I posted just over a year ago about the first series, and my orgy (and I do not use the term lightly) of viewing over Easter was of the second series, subtitled Spartacus: Vengeance. Whether due to ratings or simply a wise decision by the writers, the series consists only of three series (plus a Spartacus-free prequel set in the same gladiatorial school - Gods of the Arena). Considering that Spartacus' story has a somewhat... limited arc, this is almost certainly a good thing.

The first series dealt with the intrigues around the gladiatorial school and the city of Capua, and finally led up to the revolt and breakout. This unfortunately led to the death of John Hannah's character, Batiatus, which is a shame, as he was one of the best things in it, but it does illustrate one of the odd and - for a part-time Classicist - oddly invigorating things about the series, which is that whenever there is genuine recorded history (mostly Plutarch and Appian, who occasionally disagree), the series sticks to it very faithfully. While the CGI blood and gore, and non-CGI breasts and bums, are gloriously over the top in a '300' kind of way, the series takes far fewer liberties with history than you might expect.
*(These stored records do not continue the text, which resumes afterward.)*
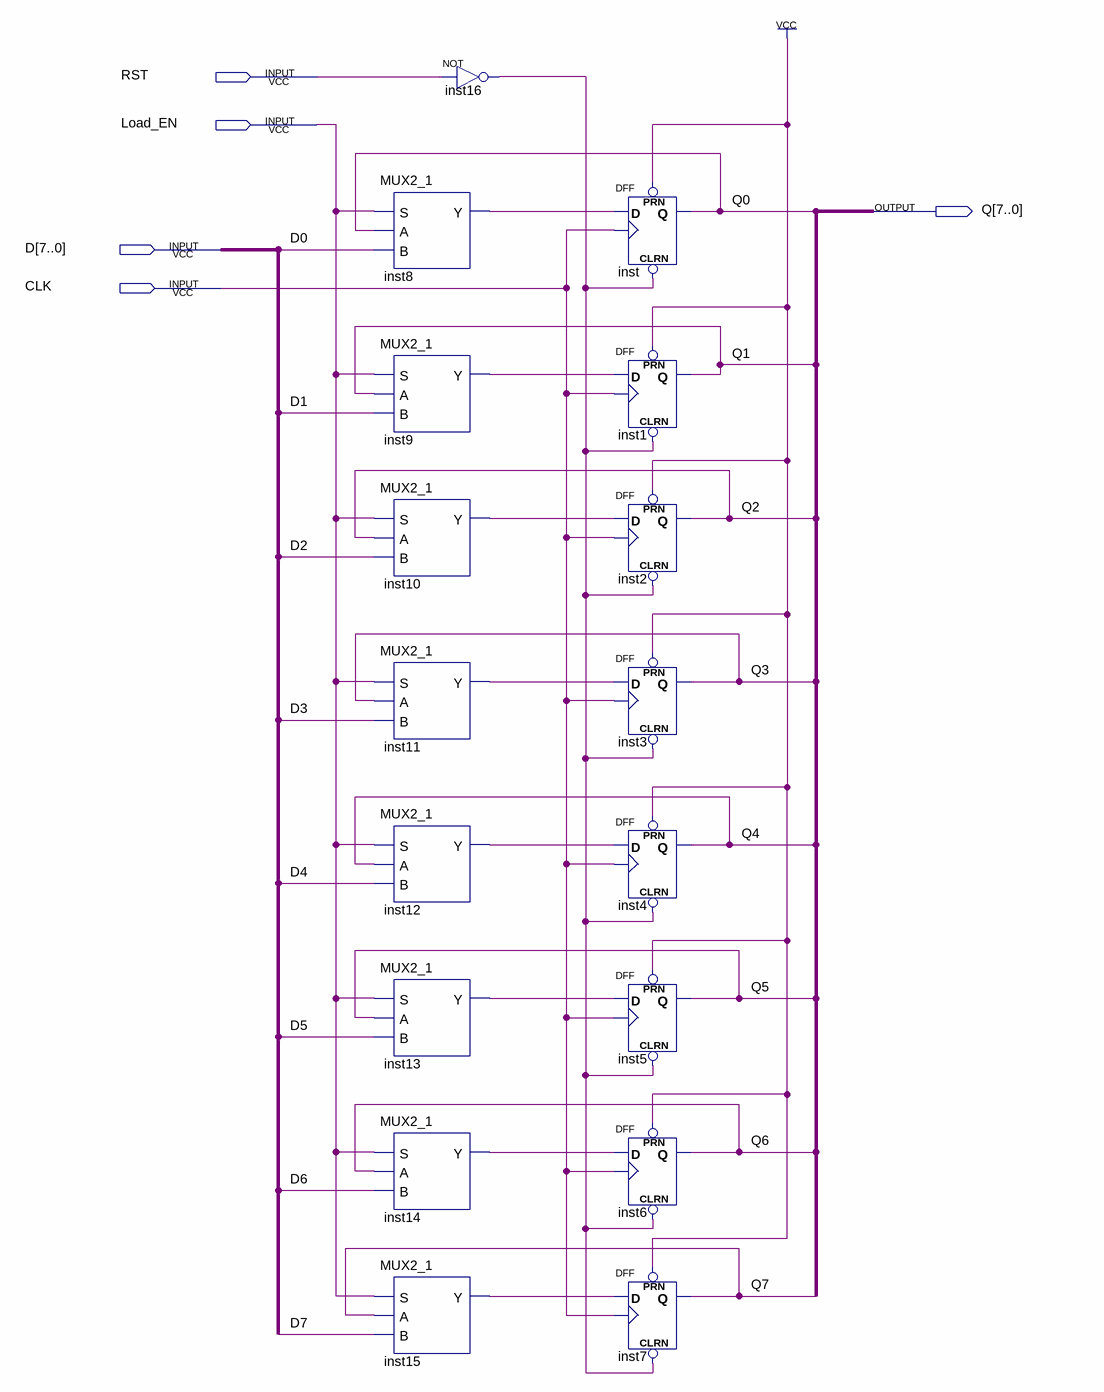
[diagram p0: schematic sheet]
// Quartus schematic register_8_bit.bdf as structural Verilog: 17 symbols, 5 pins
module register_8_bit (
  input  RST,
  input  Load_EN,
  input  [7:0] D,
  input  CLK,
  output [7:0] Q
);

  wire inst8_y, inst9_y, inst10_y, inst11_y, inst12_y, inst13_y, inst14_y, inst15_y, inst16_out;

  MUX2_1 inst8 (.S(Load_EN), .A(Q[0]), .B(D[0]), .Y(inst8_y));
  MUX2_1 inst9 (.S(Load_EN), .A(Q[1]), .B(D[1]), .Y(inst9_y));
  MUX2_1 inst10 (.S(Load_EN), .A(Q[2]), .B(D[2]), .Y(inst10_y));
  MUX2_1 inst11 (.S(Load_EN), .A(Q[3]), .B(D[3]), .Y(inst11_y));
  MUX2_1 inst12 (.S(Load_EN), .A(Q[4]), .B(D[4]), .Y(inst12_y));
  MUX2_1 inst13 (.S(Load_EN), .A(Q[5]), .B(D[5]), .Y(inst13_y));
  MUX2_1 inst14 (.S(Load_EN), .A(Q[6]), .B(D[6]), .Y(inst14_y));
  MUX2_1 inst15 (.S(Load_EN), .A(Q[7]), .B(D[7]), .Y(inst15_y));
  not inst16 (inst16_out, RST);
  DFF inst (.CLRN(inst16_out), .CLK(CLK), .D(inst8_y), .PRN(1'b1), .Q(Q[0]));
  DFF inst1 (.CLRN(inst16_out), .CLK(CLK), .D(inst9_y), .PRN(1'b1), .Q(Q[1]));
  DFF inst2 (.CLRN(inst16_out), .CLK(CLK), .D(inst10_y), .PRN(1'b1), .Q(Q[2]));
  DFF inst3 (.CLRN(inst16_out), .CLK(CLK), .D(inst11_y), .PRN(1'b1), .Q(Q[3]));
  DFF inst4 (.CLRN(inst16_out), .CLK(CLK), .D(inst12_y), .PRN(1'b1), .Q(Q[4]));
  DFF inst5 (.CLRN(inst16_out), .CLK(CLK), .D(inst13_y), .PRN(1'b1), .Q(Q[5]));
  DFF inst6 (.CLRN(inst16_out), .CLK(CLK), .D(inst14_y), .PRN(1'b1), .Q(Q[6]));
  DFF inst7 (.CLRN(inst16_out), .CLK(CLK), .D(inst15_y), .PRN(1'b1), .Q(Q[7]));
endmodule

The owner of Spartacus' gladiatorial school was indeed one Lentulus Batiatus (played rather more slimily by Peter Ustinov in the Kubrick film), and he did indeed die during the breakout. The fate of his wife is not mentioned, which gave them the excuse to bring back Lucy Lawless, which is all to the good. Furthermore, rival praetors Gaius Claudius Glaber and Publius Varinius did indeed try to bring Spartacus and his slaves to heel in the early days, Glaber did indeed have to build a scratch force of local militia, criminals and neer-do-wells, since Rome would not allocate him legionaries, and the slaves did indeed hang out at the base of Vesuvius before being driven up the slopes by Glaber's siege of their camp. I'm one episode from the end of the series, and while Varinius appeared to have been killed this time around, the fact that we know he was around later in reality means I suspect he may only have been 'left for dead'. Conversely, Glaber is heard of no more after getting his arse kicked at Mount Vesuvius by Spartacus' very cinematic tactic of using vine ropes to rappel down behind Glaber's troops, and I suspect he may be among the fallen at the end of Series 2, although hopefully his evil wife and Lucy L will still be around, scheming with the now scarred Varinius.

I was also mildly astonished to learn that many of the prominent leaders among Spartacus' men; Crixus, Oenomaus and Gannicus, were also known to history. Crixus, as he is in the series, was apparently indeed a Gaul whom Spartacus had defeated in the arena but refused to kill, and Gannicus a Celt, Oenomaus was in fact also a Gaul rather than being African as depicted, but the ethnic tensions between Gauls, Thracians and Germans in Spartacus' slave army are quite convincingly drawn.

I am now really looking forward to the third series (currently showing on TV in the US), as we start to get major Roman personalities like Crassus, Lucullus and Pompey becoming involved, some higher level Senate manoeuvering, and some of the major battles of the Third Servile War, complete with Cilician pirates.